Personal information
- Full name: Francis Elmer Speed
- Born: 28 February 1859 Paddington, Middlesex, England
- Died: 23 August 1928 (aged 69) Goodnestone, Kent, England
- Batting: Right-handed

Domestic team information
- 1882–1884: Marylebone Cricket Club

Career statistics
| Competition | First-class |
| Matches | 3 |
| Runs scored | 30 |
| Batting average | 6.00 |
| 100s/50s | –/– |
| Top score | 16 |
| Catches/stumpings | 1/– |
- Source: Cricinfo, 12 August 2021

= Francis Speed (English cricketer) =

English cricketer, barrister, stockbroker, and British Army officer

Francis Elmer Speed (28 February 1859 — 28 August 1928) was an English first-class cricketer, barrister, stockbroker and British Army officer.
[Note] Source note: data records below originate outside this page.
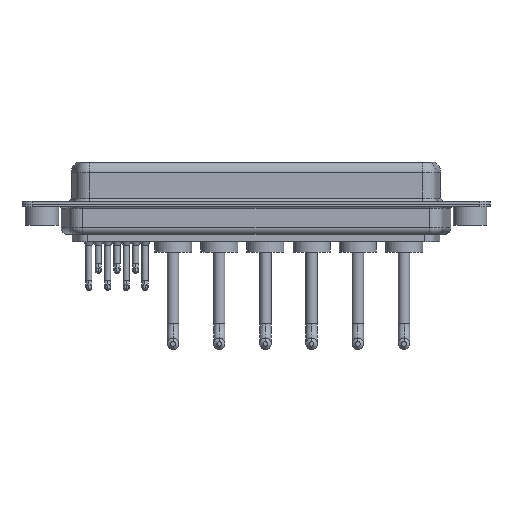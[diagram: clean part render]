
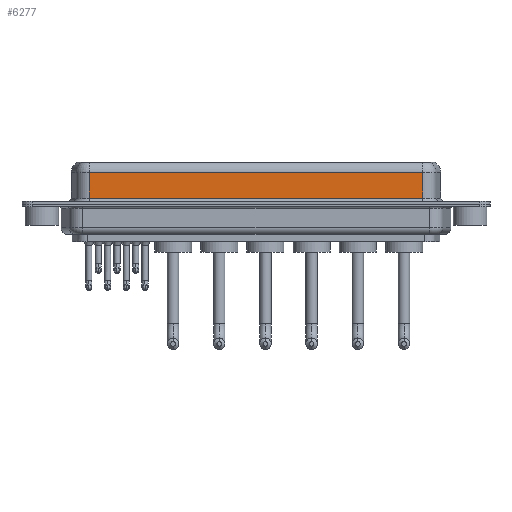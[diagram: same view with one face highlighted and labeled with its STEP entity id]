
A CAD part, front view. The second image highlights one B-rep face of the part: STEP entity #6277.
In plain terms, the highlighted planar face has unit normal (0, -1, 0).
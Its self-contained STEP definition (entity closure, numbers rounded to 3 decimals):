
#103 = DIRECTION ( 'NONE',  ( 0., 0., -1. ) ) ;
#1601 = CARTESIAN_POINT ( 'NONE',  ( 7.038, -3.95, 6.4 ) ) ;
#1889 = VERTEX_POINT ( 'NONE', #12456 ) ;
#2023 = LINE ( 'NONE', #7766, #6632 ) ;
#3019 = EDGE_CURVE ( 'NONE', #11534, #15501, #2023, .T. ) ;
#4870 = LINE ( 'NONE', #11770, #14323 ) ;
#5475 = LINE ( 'NONE', #8548, #7101 ) ;
#6277 = ADVANCED_FACE ( 'NONE', ( #13571 ), #11887, .F. ) ;
#6367 = ORIENTED_EDGE ( 'NONE', *, *, #15711, .T. ) ;
#6453 = DIRECTION ( 'NONE',  ( 0., 0., -1. ) ) ;
#6632 = VECTOR ( 'NONE', #6453, 1000. ) ;
#7101 = VECTOR ( 'NONE', #8467, 1000. ) ;
#7766 = CARTESIAN_POINT ( 'NONE',  ( 56.462, -3.95, 6.4 ) ) ;
#7771 = ORIENTED_EDGE ( 'NONE', *, *, #3019, .F. ) ;
#7800 = CARTESIAN_POINT ( 'NONE',  ( 56.462, -3.95, 6.4 ) ) ;
#8182 = AXIS2_PLACEMENT_3D ( 'NONE', #7800, #11976, #14873 ) ;
#8467 = DIRECTION ( 'NONE',  ( -1., 0., 0. ) ) ;
#8548 = CARTESIAN_POINT ( 'NONE',  ( 56.462, -3.95, 4.65 ) ) ;
#9835 = VECTOR ( 'NONE', #103, 1000. ) ;
#9962 = CARTESIAN_POINT ( 'NONE',  ( 56.462, -3.95, 4.65 ) ) ;
#10939 = VERTEX_POINT ( 'NONE', #13552 ) ;
#11504 = EDGE_CURVE ( 'NONE', #11534, #1889, #5475, .T. ) ;
#11534 = VERTEX_POINT ( 'NONE', #9962 ) ;
#11770 = CARTESIAN_POINT ( 'NONE',  ( 56.462, -3.95, 0.9 ) ) ;
#11887 = PLANE ( 'NONE',  #8182 ) ;
#11976 = DIRECTION ( 'NONE',  ( 0., 1., 0. ) ) ;
#12456 = CARTESIAN_POINT ( 'NONE',  ( 7.038, -3.95, 4.65 ) ) ;
#12890 = CARTESIAN_POINT ( 'NONE',  ( 56.462, -3.95, 0.9 ) ) ;
#13552 = CARTESIAN_POINT ( 'NONE',  ( 7.038, -3.95, 0.9 ) ) ;
#13571 = FACE_OUTER_BOUND ( 'NONE', #14782, .T. ) ;
#14323 = VECTOR ( 'NONE', #17547, 1000. ) ;
#14707 = EDGE_CURVE ( 'NONE', #1889, #10939, #15629, .T. ) ;
#14782 = EDGE_LOOP ( 'NONE', ( #7771, #16329, #17842, #6367 ) ) ;
#14873 = DIRECTION ( 'NONE',  ( 0., 0., 1. ) ) ;
#15501 = VERTEX_POINT ( 'NONE', #12890 ) ;
#15629 = LINE ( 'NONE', #1601, #9835 ) ;
#15711 = EDGE_CURVE ( 'NONE', #10939, #15501, #4870, .T. ) ;
#16329 = ORIENTED_EDGE ( 'NONE', *, *, #11504, .T. ) ;
#17547 = DIRECTION ( 'NONE',  ( 1., 0., 0. ) ) ;
#17842 = ORIENTED_EDGE ( 'NONE', *, *, #14707, .T. ) ;

The son of William Speed, he was born at Paddington in February 1859. He was educated at Rugby School, where he played for and captained the school cricket eleven. A student of the Middle Temple, he was called to the bar to practice as a barrister in 1883. Described by Wisden as "a sound batsman and in the field, though not always, [a] wicket-keeper", Speed played first-class cricket for the Marylebone Cricket Club on three occasions, making two appearances in 1882 against Kent and Nottinghamshire, and one appearance in 1884 against Nottinghamshire. He scored 30 runs across his three matches, with a highest score of 16. In addition to playing first-class cricket, Speed also made minor appearances for Herefordshire.

Speed later changed professions and became a stockbroker. He also served in the Royal East Kent Yeomanry, being commissioned as a second lieutenant in March 1900. He served in South Africa in the Second Boer War. Speed was appointed High Sheriff of Kent in March 1914, having been unsuccessful in his 1912 and 1913 nominations. He was made a temporary major in the Yeomanry in May 1914 and served in the First World War and was attached to headquarters, before being restored to the Royal East Kent in November 1916. He was made up to the full rank of major in June 1917, before relinquishing his commission on account of ill health in September 1917. A justice of the peace for Kent, Speed lived out his final years in the county at Knowlton Court near the village of Goodnestone. He died there in August 1928.